Les agents d’intelligence artificielle sont-ils condamnés à évoluer dans des écosystèmes fermés, cloisonnés par les géants du secteur ? À l’heure où l’IA ne se limite plus aux simples chatbots, mais commence à interagir et à exécuter des actions concrètes, la question de l’ouverture et de l’interopérabilité des systèmes devient cruciale. Face au risque d’une fragmentation du secteur, le lancement de la Agentic AI Foundation (AAIF) par la Linux Foundation marque-t-il un tournant, ou s’agit-il d’une simple façade médiatique ?

Quels enjeux se cachent derrière la création de cette nouvelle fondation ? Appuyée par de gros calibres tels qu’Anthropic, Block, et OpenAI — tous prêts à verser leurs propres protocoles et outils open source dans le pot commun — l’AAIF ambitionne d’être le garant de standards ouverts pour les « AI agents ». Y parviendra-t-elle alors que chaque acteur a ses propres intérêts stratégiques ?

Les contributions sont loin d’être anodines : Anthropic offre le MCP (Model Context Protocol) pour connecter modèles et agents à données et outils, Block mise sur Goose — son framework maison — tandis qu’OpenAI propose AGENTS.md, un guide pour encadrer le comportement des agents. À ces soutiens s’ajoutent AWS, Google ou Bloomberg, preuve que l’industrie veut s’accorder sur des bases communes pour éviter la prolifération de solutions incompatibles et fermées.

L’industrie cherche-t-elle à imposer une véritable interopérabilité ou à fédérer sous couvert d’ouverture des protocoles maison ?

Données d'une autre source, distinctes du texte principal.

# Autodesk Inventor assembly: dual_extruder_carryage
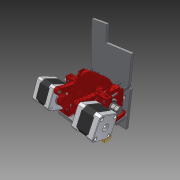
[picture p0: Inventor's stored thumbnail of the model, 180x180]
Saved by Autodesk Inventor 2014 (Build 180170000, 170)
## iProperties
Created: 2014-02-23
Part Number: dual_extruder_carryage
Document SubType Name: Assembly
Designer: buben
Author: buben
## Documents named in this file (6)
- C:\Users\buben\Documents\GitHub\bacon\inventor files\__concepts\dual_extruder_carryage.iam
- C:\Users\buben\Documents\GitHub\bacon\inventor files\__concepts\x_carriage_front.ipt
- C:\Users\buben\Documents\GitHub\bacon\inventor files\__concepts\x_carryage_extruder_mount.ipt
- C:\Users\buben\Documents\GitHub\bacon\inventor files\assemblies\dual_extruder.iam
- C:\Users\buben\Documents\GitHub\bacon\inventor files\3rd party components\linear_bearing_8\Imported Components\LU8MM\LU8MM.iam
- C:\Users\buben\Documents\GitHub\bacon\inventor files\__concepts\x_carryage_brace.ipt
## Components (7 placed, 5 different names)
1. x_carriage_front:1 — Mate:1, Flush:1, Mate:4, Mate:5, Mate:6, Mate:7, Mate:8, Mate:9, Mate:10, Mate:11, Mate:12, Mate:13, Mate:14, Mate:15, Mate:16, Mate:18
2. x_carryage_extruder_mount:1 — Mate:1, Flush:1, Mate:2, Angle:1, Mate:3, Mate:16, Mate:17, Mate:19
3. dual_extruder:1 [sub-assembly] — Mate:2, Angle:1, Mate:3
4. LU8MM:1 [sub-assembly] — Mate:7, Mate:8, Mate:14
5. LU8MM:2 [sub-assembly] — Mate:9, Mate:10, Mate:15
6. LU8MM:3 [sub-assembly] — Mate:11, Mate:12, Mate:13
7. x_carryage_brace:1 — Mate:17, Mate:18, Mate:19
## Relationships (21: Mate 19, Flush 1, Angle 1)
- Mate:1: x_carriage_front:1 ↔ x_carryage_extruder_mount:1
- Flush:1: x_carriage_front:1 ↔ x_carryage_extruder_mount:1
- Mate:2: x_carryage_extruder_mount:1 ↔ dual_extruder:1
- Angle:1 (0 deg): x_carryage_extruder_mount:1 ↔ dual_extruder:1
- Mate:3: x_carryage_extruder_mount:1 ↔ dual_extruder:1
- Mate:4: x_carriage_front:1
- Mate:5: x_carriage_front:1
- Mate:6: x_carriage_front:1
- Mate:7 (7.5 mm): x_carriage_front:1 ↔ LU8MM:1
- Mate:8 (7.5 mm): x_carriage_front:1 ↔ LU8MM:1
- Mate:9 (7.5 mm): x_carriage_front:1 ↔ LU8MM:2
- Mate:10 (7.5 mm): x_carriage_front:1 ↔ LU8MM:2
- Mate:11 (7.5 mm): x_carriage_front:1 ↔ LU8MM:3
- Mate:12 (7.5 mm): x_carriage_front:1 ↔ LU8MM:3
- Mate:13 (0.5 mm): x_carriage_front:1 ↔ LU8MM:3
- Mate:14 (0.5 mm): x_carriage_front:1 ↔ LU8MM:1
- Mate:15 (0.5 mm): x_carriage_front:1 ↔ LU8MM:2
- Mate:16: x_carriage_front:1 ↔ x_carryage_extruder_mount:1
- Mate:17: x_carryage_extruder_mount:1 ↔ x_carryage_brace:1
- Mate:18: x_carriage_front:1 ↔ x_carryage_brace:1
- Mate:19: x_carryage_extruder_mount:1 ↔ x_carryage_brace:1
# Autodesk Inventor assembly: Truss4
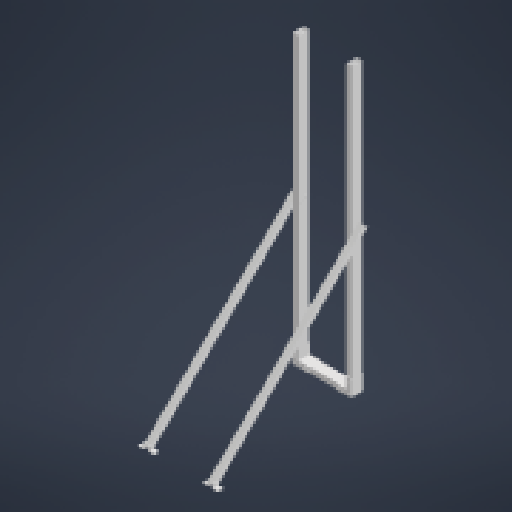
[picture p0: Inventor's stored thumbnail of the model, 512x512]
Saved by Autodesk Inventor 2023 (Build 270158000, 158)
## iProperties
Created: 2023-01-18
Part Number: Truss4
Document SubType Name: Assembly
Designer: Terrence
Author: Terrence
## Documents named in this file (7)
- C:\Users\Terrence\Documents\FRC Long\Truss\Truss4.iam
- C:\Users\Terrence\Documents\FRC Long\Truss\Solid1_2.ipt
- C:\Users\Terrence\Documents\FRC Long\Truss\Solid6_1.ipt
- C:\Users\Terrence\Documents\FRC Long\Truss\Solid7_1.ipt
- C:\Users\Terrence\Documents\FRC Long\Truss\Solid9_1.ipt
- C:\Users\Terrence\Documents\FRC Long\Truss\Solid10_1.ipt
- C:\Users\Terrence\Documents\FRC Long\Truss\Solid11.ipt
## Components (13 placed, 6 different names)
1. Solid1_2:1 — Insert:4, Insert:5
2. Solid6_1:1
3. Solid7_1:1
4. Solid9_1:1
5. Solid10_1:1 — Insert:3, Insert:8, Insert:9
6. Solid11:1
7. Solid1_2:2 — Insert:1, Insert:2, Insert:6, Insert:7, Insert:14, Insert:15
8. Solid9_1:2 — Insert:1, Insert:2, Insert:3, Insert:9
9. Solid9_1:3 — Insert:4, Insert:5
10. Solid9_1:4 — Insert:6, Insert:7, Insert:8
11. Solid6_1:2 — Insert:10, Insert:11, Insert:12, Insert:13, Insert:14, Insert:15
12. Solid7_1:2 — Insert:10, Insert:11
13. Solid11:2 — Insert:12, Insert:13
## Relationships (15: Insert 15)
- Insert:1: Solid1_2:2 ↔ Solid9_1:2
- Insert:2: Solid1_2:2 ↔ Solid9_1:2
- Insert:3: Solid10_1:1 ↔ Solid9_1:2
- Insert:4: Solid1_2:1 ↔ Solid9_1:3
- Insert:5: Solid1_2:1 ↔ Solid9_1:3
- Insert:6: Solid1_2:2 ↔ Solid9_1:4
- Insert:7: Solid1_2:2 ↔ Solid9_1:4
- Insert:8: Solid10_1:1 ↔ Solid9_1:4
- Insert:9: Solid10_1:1 ↔ Solid9_1:2
- Insert:10: Solid6_1:2 ↔ Solid7_1:2
- Insert:11: Solid6_1:2 ↔ Solid7_1:2
- Insert:12: Solid6_1:2 ↔ Solid11:2
- Insert:13: Solid6_1:2 ↔ Solid11:2
- Insert:14: Solid1_2:2 ↔ Solid6_1:2
- Insert:15: Solid1_2:2 ↔ Solid6_1:2

Mais qui contrôle vraiment ces protocoles une fois intégrés à l’AAIF ? La Linux Foundation martèle que l’objectif est clair : empêcher que la prochaine génération d’IA ne soit appropriée par une poignée de plateformes propriétaires. “Tout ramener à un système unique, où chaque fournisseur doit réinventer la roue, est voué à l’échec”, insiste Nick Cooper d’OpenAI. Pourtant, la gouvernance technique reste entre les mains d’un comité, loin de l’influence directe des donateurs… du moins officiellement.

Alors, l’ouverture d’un framework comme Goose est-elle seulement une stratégie de positionnement pour que Block accède à de précieuses contributions communautaires, ou un vrai manifeste pour des standards vraiment universels ? Selon Brad Axen, l’enjeu est double : s’enrichir des retours open source mais aussi bâtir un exemple concret d’un écosystème ouvert. Même son de cloche pour Anthropic, qui espère faire du MCP la colonne vertébrale de l’IA agentique, à l’abri d’une récupération par un acteur “dominant”.

Enfin, n’y a-t-il pas un risque que, derrière la gouvernance collégiale, un protocole prenne tout de même l’ascendant, rien qu’en s’imposant auprès des développeurs ? Pour la Linux Foundation, ce risque est le prix à payer pour éviter les “stacks” privatives, tout en laissant la sélection naturelle du marché jouer. “La domination, si elle émerge, doit venir du mérite technique, non d’une mainmise commerciale”, assure Jim Zemlin, son directeur exécutif.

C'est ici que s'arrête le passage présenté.